About this exercise: Copy each line below in which the word "Part" occurs.
____________
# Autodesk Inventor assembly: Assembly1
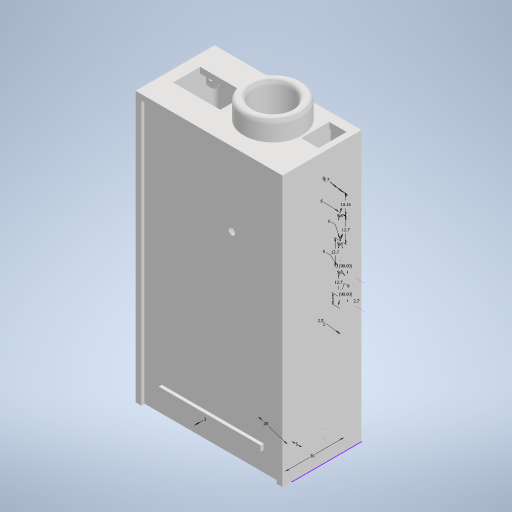
[picture p0: Inventor's stored thumbnail of the model, 512x512]
Saved by Autodesk Inventor 2023 (Build 270158000, 158)
## iProperties
Created: 2024-03-30
Part Number: Assembly1
Document SubType Name: Assembly
Designer: lykou
Author: lykou
## Documents named in this file (4)
- D:\My Drive\Documents\Projects\pico_chrono\Open-Source-Chronograph\CAD\Assembly1.iam
- D:\My Drive\Documents\Projects\pico_chrono\Open-Source-Chronograph\CAD\MainBody.ipt
- D:\My Drive\Documents\Projects\pico_chrono\Open-Source-Chronograph\CAD\Button.ipt
- D:\My Drive\Documents\Projects\pico_chrono\Open-Source-Chronograph\CAD\Lid.ipt
## Components (5 placed, 3 different names)
1. MainBody:1 — Mate:1, Mate:2, Mate:3, Mate:4, Mate:5, Mate:6, Mate:7, Mate:8, Mate:9, Mate:10
2. Button:1 — Mate:3, Mate:4
3. Button:2 — Mate:5, Mate:6
4. Button:3 — Mate:1, Mate:2
5. Lid:1 — Mate:7, Mate:8, Mate:9, Mate:10
## Relationships (10: Mate 10)
- Mate:1: MainBody:1 ↔ Button:3
- Mate:2: MainBody:1 ↔ Button:3
- Mate:3: MainBody:1 ↔ Button:1
- Mate:4: MainBody:1 ↔ Button:1
- Mate:5: MainBody:1 ↔ Button:2
- Mate:6: MainBody:1 ↔ Button:2
- Mate:7: MainBody:1 ↔ Lid:1
- Mate:8: MainBody:1 ↔ Lid:1
- Mate:9: MainBody:1 ↔ Lid:1
- Mate:10: MainBody:1 ↔ Lid:1
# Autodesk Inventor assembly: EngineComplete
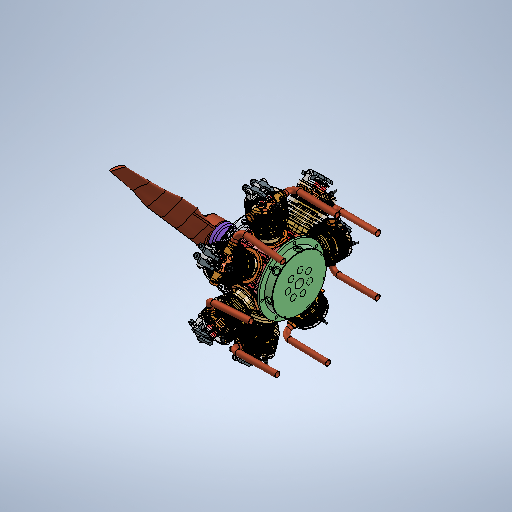
[picture p0: Inventor's stored thumbnail of the model, 512x512]
Saved by Autodesk Inventor 2025 (Build 290162010, 162A)
## iProperties
Created: 2024-07-16
Part Number: EngineComplete
Document SubType Name: Assembly
Designer: ffogue
Author: ffogue
## Documents named in this file (15)
- C:\Users\Fabri\Documents\Inventor\Stermotor\EngineComplete.iam
- C:\Users\Fabri\Documents\Inventor\Stermotor\Zylinder.ipt
- C:\Users\Fabri\Documents\Inventor\Stermotor\MotorBlock_First.iam
- C:\Users\Fabri\Documents\Inventor\Stermotor\pleuel.ipt
- C:\Users\Fabri\Documents\Inventor\Stermotor\Kolben.iam
- C:\Users\Fabri\Documents\Inventor\Stermotor\MotorBlock.iam
- C:\Users\Fabri\Documents\Inventor\Stermotor\sonnenrad.ipt
- C:\Users\Fabri\Documents\Inventor\Stermotor\Decke_grün.ipt
- C:\Users\Fabri\Documents\Inventor\Stermotor\Cylinder.iam
- C:\Users\Fabri\Documents\Inventor\Stermotor\VenturiEinsatz.ipt
- C:\Users\Fabri\Documents\Inventor\Stermotor\zylinderfussdichtung.ipt
- C:\Users\Fabri\Documents\Inventor\Stermotor\Aschse.iam
- C:\Users\Fabri\Documents\Inventor\Stermotor\PlanetenRad.ipt
- C:\Users\Fabri\Documents\Inventor\Stermotor\Stirnzahnrad12.ipt
- C:\Users\Fabri\Documents\Inventor\Stermotor\Rad16_5.ipt
## Components (47 placed, 13 different names)
1. Zylinder:1 — Mate:1, Mate:2, Insert:1, Mate:4, Mate:8, Mate:10, Mate:11, Mate:12, Mate:13, Insert:10, Mate:30, Insert:14, Mate:39, Insert:18, Insert:19, Insert:20, Insert:21, Insert:22, Insert:23, Mate:50, Insert:28
2. MotorBlock_First:1 [sub-assembly] — Mate:2, Insert:1, Mate:5, Insert:2, Mate:7, Insert:3, Mate:14, Insert:4, Mate:16, Insert:5, Mate:18, Insert:6, Mate:20, Insert:7, Mate:28, Insert:12, Insert:29
3. Kolben:1 [sub-assembly] — Mate:4, Mate:6, Mate:26
4. pleuel:1 — Mate:5, Insert:2, Mate:6
5. pleuel:3 — Mate:7, Insert:3, Mate:9
6. Kolben:3 [sub-assembly] — Mate:8, Mate:9, Mate:44
7. Kolben:4 [sub-assembly] — Mate:10, Mate:15, Mate:43
8. Kolben:5 [sub-assembly] — Mate:11, Mate:17, Mate:42
9. Kolben:6 [sub-assembly] — Mate:12, Mate:19, Mate:41
10. Kolben:7 [sub-assembly] — Mate:13, Mate:21, Mate:40
11. pleuel:4 — Mate:14, Mate:15, Insert:4
12. pleuel:5 — Mate:16, Mate:17, Insert:5
13. pleuel:6 — Mate:18, Insert:6, Mate:19
14. pleuel:7 — Mate:20, Insert:7, Mate:21
15. sonnenrad:1 — Mate:30, Insert:14, Mate:38
16. Decke_grün:1 — Mate:34, Mate:38, Mate:39, Insert:17, Insert:18, Mate:53
17. MotorBlock:2 [sub-assembly] — Mate:28, Insert:12
18. MotorBlock:1 [sub-assembly] — Mate:27, Insert:11
19. Cylinder:1 [sub-assembly] — Mate:26, Mate:27, Insert:10, Insert:11
20. Cylinder:2 [sub-assembly] — Mate:40, Insert:19, Mate:45, Insert:24
21. Cylinder:3 [sub-assembly] — Mate:41, Insert:20, Mate:46, Insert:25
22. Cylinder:4 [sub-assembly] — Mate:42, Insert:21, Mate:47, Insert:26
23. Cylinder:5 [sub-assembly] — Mate:43, Insert:22, Mate:48, Insert:27
24. Cylinder:6 [sub-assembly] — Mate:44, Insert:23, Mate:49
25. MotorBlock:3 [sub-assembly] — Mate:49
26. MotorBlock:4 [sub-assembly] — Mate:48, Insert:27
27. MotorBlock:5 [sub-assembly] — Mate:47, Insert:26
28. MotorBlock:6 [sub-assembly] — Mate:46, Insert:25
29. MotorBlock:7 [sub-assembly] — Mate:45, Insert:24
30. Aschse:1 [sub-assembly] — Rotation:2, Mate:53, Insert:29, Mate:54, Insert:30
31. Stirnzahnrad1:1 — Mate:52, Flush:1, Rotation:1, Flush:2, Rotation:4
32. Stirnzahnrad1:2 — Mate:52, Flush:1, Rotation:1, Rotation:2, Main Motion, Rotation:3, Tangent:2, Mate:54, Insert:30
33. Stirnzahnrad2:1 — Flush:2, Rotation:3, Tangent:2, Rotation:4
34. VenturiEinsatz:2 — Mate:34, Insert:17
35. VenturiEinsatz:3
36. VenturiEinsatz:4
37. VenturiEinsatz:5
38. VenturiEinsatz:6
39. VenturiEinsatz:7
40. VenturiEinsatz:8
41. zylinderfussdichtung:1 — Mate:50, Insert:28
42. zylinderfussdichtung:2
43. zylinderfussdichtung:3
44. zylinderfussdichtung:4
45. zylinderfussdichtung:5
46. zylinderfussdichtung:6
47. zylinderfussdichtung:7
## Component patterns: (7 elements, first: VenturiEinsatz:2), (7 elements, first: zylinderfussdichtung:1)
## Relationships (74: Mate 41, Insert 25, RelateRotation 4, Flush 2, Angle 1, Tangent 1)
- Mate:1: Zylinder:1
- Mate:2: Zylinder:1 ↔ MotorBlock_First:1
- Insert:1: Zylinder:1 ↔ MotorBlock_First:1
- Mate:4: Zylinder:1 ↔ Kolben:1
- Mate:5: MotorBlock_First:1 ↔ pleuel:1
- Insert:2: MotorBlock_First:1 ↔ pleuel:1
- Mate:6: Kolben:1 ↔ pleuel:1
- Mate:7: MotorBlock_First:1 ↔ pleuel:3
- Insert:3: MotorBlock_First:1 ↔ pleuel:3
- Mate:8: Zylinder:1 ↔ Kolben:3
- Mate:9: pleuel:3 ↔ Kolben:3
- Mate:10: Zylinder:1 ↔ Kolben:4
- Mate:11: Zylinder:1 ↔ Kolben:5
- Mate:12: Zylinder:1 ↔ Kolben:6
- Mate:13: Zylinder:1 ↔ Kolben:7
- Mate:14: MotorBlock_First:1 ↔ pleuel:4
- Mate:15: Kolben:4 ↔ pleuel:4
- Insert:4: MotorBlock_First:1 ↔ pleuel:4
- Mate:16: MotorBlock_First:1 ↔ pleuel:5
- Mate:17: Kolben:5 ↔ pleuel:5
- Insert:5: MotorBlock_First:1 ↔ pleuel:5
- Mate:18: MotorBlock_First:1 ↔ pleuel:6
- Insert:6: MotorBlock_First:1 ↔ pleuel:6
- Mate:19: Kolben:6 ↔ pleuel:6
- Mate:20: MotorBlock_First:1 ↔ pleuel:7
- Insert:7: MotorBlock_First:1 ↔ pleuel:7
- Mate:21: Kolben:7 ↔ pleuel:7
- Mate:26: Kolben:1 ↔ Cylinder:1
- Mate:27: MotorBlock:1 ↔ Cylinder:1
- Insert:10 (-5.5 mm): Zylinder:1 ↔ Cylinder:1
- Insert:11: MotorBlock:1 ↔ Cylinder:1
- Mate:28: MotorBlock_First:1 ↔ MotorBlock:2
- Insert:12: MotorBlock_First:1 ↔ MotorBlock:2
- Mate:30: Zylinder:1 ↔ sonnenrad:1
- Insert:14: Zylinder:1 ↔ sonnenrad:1
- Mate:34: Decke_grün:1 ↔ VenturiEinsatz:2
- Mate:38: sonnenrad:1 ↔ Decke_grün:1
- Mate:39: Zylinder:1 ↔ Decke_grün:1
- Insert:17: Decke_grün:1 ↔ VenturiEinsatz:2
- Insert:18: Zylinder:1 ↔ Decke_grün:1
- Mate:40: Kolben:7 ↔ Cylinder:2
- Insert:19 (-5.5 mm): Zylinder:1 ↔ Cylinder:2
- Mate:41: Kolben:6 ↔ Cylinder:3
- Insert:20 (-5.5 mm): Zylinder:1 ↔ Cylinder:3
- Mate:42: Kolben:5 ↔ Cylinder:4
- Insert:21 (-5.5 mm): Zylinder:1 ↔ Cylinder:4
- Mate:43: Kolben:4 ↔ Cylinder:5
- Insert:22 (-5.5 mm): Zylinder:1 ↔ Cylinder:5
- Mate:44: Kolben:3 ↔ Cylinder:6
- Insert:23 (-5.5 mm): Zylinder:1 ↔ Cylinder:6
- Mate:45: Cylinder:2 ↔ MotorBlock:7
- Insert:24: Cylinder:2 ↔ MotorBlock:7
- Mate:46: Cylinder:3 ↔ MotorBlock:6
- Insert:25: Cylinder:3 ↔ MotorBlock:6
- Mate:47: Cylinder:4 ↔ MotorBlock:5
- Insert:26: Cylinder:4 ↔ MotorBlock:5
- Mate:48: Cylinder:5 ↔ MotorBlock:4
- Insert:27: Cylinder:5 ↔ MotorBlock:4
- Mate:49: Cylinder:6 ↔ MotorBlock:3
- Mate:50: Zylinder:1 ↔ zylinderfussdichtung:1
- Insert:28: Zylinder:1 ↔ zylinderfussdichtung:1
- Mate:52: Stirnzahnrad1:1 ↔ Stirnzahnrad1:2
- Flush:1: Stirnzahnrad1:1 ↔ Stirnzahnrad1:2
- Rotation:1 [RelateRotation] (0.4783 ul): Stirnzahnrad1:1 ↔ Stirnzahnrad1:2
- Rotation:2 [RelateRotation] (1 ul): Aschse:1 ↔ Stirnzahnrad1:2
- Main Motion [Angle] (0 deg): Stirnzahnrad1:2
- Flush:2: Stirnzahnrad1:1 ↔ Stirnzahnrad2:1
- Rotation:3 [RelateRotation] (0.5 ul): Stirnzahnrad1:2 ↔ Stirnzahnrad2:1
- Tangent:2: Stirnzahnrad1:2 ↔ Stirnzahnrad2:1
- Rotation:4 [RelateRotation] (0.2391 ul): Stirnzahnrad1:1 ↔ Stirnzahnrad2:1
- Mate:53: Decke_grün:1 ↔ Aschse:1
- Insert:29: MotorBlock_First:1 ↔ Aschse:1
- Mate:54: Aschse:1 ↔ Stirnzahnrad1:2
- Insert:30: Aschse:1 ↔ Stirnzahnrad1:2
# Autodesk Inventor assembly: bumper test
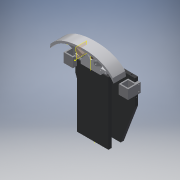
[picture p0: Inventor's stored thumbnail of the model, 180x180]
Saved by Autodesk Inventor 2016 (Build 200138000, 138)
## iProperties
Created: 2015-09-30
Part Number: bumper test
Document SubType Name: Assembly
Designer: Jesse Stevenson
Author: Jesse Stevenson
## Documents named in this file (10)
- C:\Users\Jesse Stevenson\Desktop\E-121-Design\bumper test.iam
- C:\Users\Jesse Stevenson\Desktop\E-121-Design\top.ipt
- C:\Users\Jesse Stevenson\Desktop\E-121-Design\bottom.ipt
- C:\Users\Jesse Stevenson\Desktop\E-121-Design\Microswitch_-_Omron_D2SW-P2L2T.iam
- C:\Users\Jesse Stevenson\Desktop\E-121-Design\bumper lever support.ipt
- C:\Users\Jesse Stevenson\Desktop\E-121-Design\lever2.ipt
- C:\Users\Jesse Stevenson\Desktop\E-121-Design\bumper.ipt
- C:\Users\Jesse Stevenson\Desktop\E-121-Design\lever2-flipped.ipt
- C:\Users\Jesse Stevenson\Desktop\E-121-Design\light sensor mounts\Light sensor shield 2.ipt
- C:\Users\Jesse Stevenson\Desktop\E-121-Design\light sensor mounts\Light sensor shield 2_MIR.ipt
## Components (10 placed, 9 different names)
1. top:1 — Flush:1, Mate:1, Mate:2, Mate:32, Flush:2, Flush:3, Flush:4, Mate:33, Mate:34
2. bottom:1 — Flush:1, Mate:1, Mate:3, Mate:20, Angle:2, Mate:21
3. Microswitch_-_Omron_D2SW-P2L2T:1 [sub-assembly] — Mate:27, Angle:4, Mate:28
4. Microswitch_-_Omron_D2SW-P2L2T:2 [sub-assembly] — Mate:25, Angle:3, Mate:26
5. bumper lever support:1 — Mate:20, Angle:2, Mate:21, Mate:22, Mate:23, Mate:24, Mate:25, Angle:3, Mate:26, Mate:27, Angle:4, Mate:28
6. bumper:1 — Mate:8, Mate:9, Mate:15, Mate:29, Mate:30
7. lever2-flipped:1 — Mate:15, Mate:23, Mate:29, Mate:30
8. lever2:2 — Mate:8, Mate:9, Mate:22, Mate:24
9. Light sensor shield 2:1 — Mate:32, Flush:2, Flush:3
10. Light sensor shield 2_MIR:1 — Flush:4, Mate:33, Mate:34
## Relationships (28: Mate 21, Flush 4, Angle 3)
- Flush:1: top:1 ↔ bottom:1
- Mate:1 (18.923 mm): top:1 ↔ bottom:1
- Mate:2: top:1
- Mate:3: bottom:1
- Mate:4 (25.273 mm)
- Mate:8: bumper:1 ↔ lever2:2
- Mate:9: bumper:1 ↔ lever2:2
- Mate:15: bumper:1 ↔ lever2-flipped:1
- Mate:20: bottom:1 ↔ bumper lever support:1
- Angle:2 (0 deg): bottom:1 ↔ bumper lever support:1
- Mate:21: bottom:1 ↔ bumper lever support:1
- Mate:22: bumper lever support:1 ↔ lever2:2
- Mate:23: bumper lever support:1 ↔ lever2-flipped:1
- Mate:24: bumper lever support:1 ↔ lever2:2
- Mate:25: Microswitch_-_Omron_D2SW-P2L2T:2 ↔ bumper lever support:1
- Angle:3 (0 deg): Microswitch_-_Omron_D2SW-P2L2T:2 ↔ bumper lever support:1
- Mate:26: Microswitch_-_Omron_D2SW-P2L2T:2 ↔ bumper lever support:1
- Mate:27: Microswitch_-_Omron_D2SW-P2L2T:1 ↔ bumper lever support:1
- Angle:4 (0 deg): Microswitch_-_Omron_D2SW-P2L2T:1 ↔ bumper lever support:1
- Mate:28: Microswitch_-_Omron_D2SW-P2L2T:1 ↔ bumper lever support:1
- Mate:29: bumper:1 ↔ lever2-flipped:1
- Mate:30: bumper:1 ↔ lever2-flipped:1
- Mate:32: top:1 ↔ Light sensor shield 2:1
- Flush:2 (-5.08 mm): top:1 ↔ Light sensor shield 2:1
- Flush:3 (-7.3914 mm): top:1 ↔ Light sensor shield 2:1
- Flush:4: top:1 ↔ Light sensor shield 2_MIR:1
- Mate:33: top:1 ↔ Light sensor shield 2_MIR:1
- Mate:34: top:1 ↔ Light sensor shield 2_MIR:1
____________
Answer to this exercise:
Part Number: Assembly1
Part Number: EngineComplete
Part Number: bumper test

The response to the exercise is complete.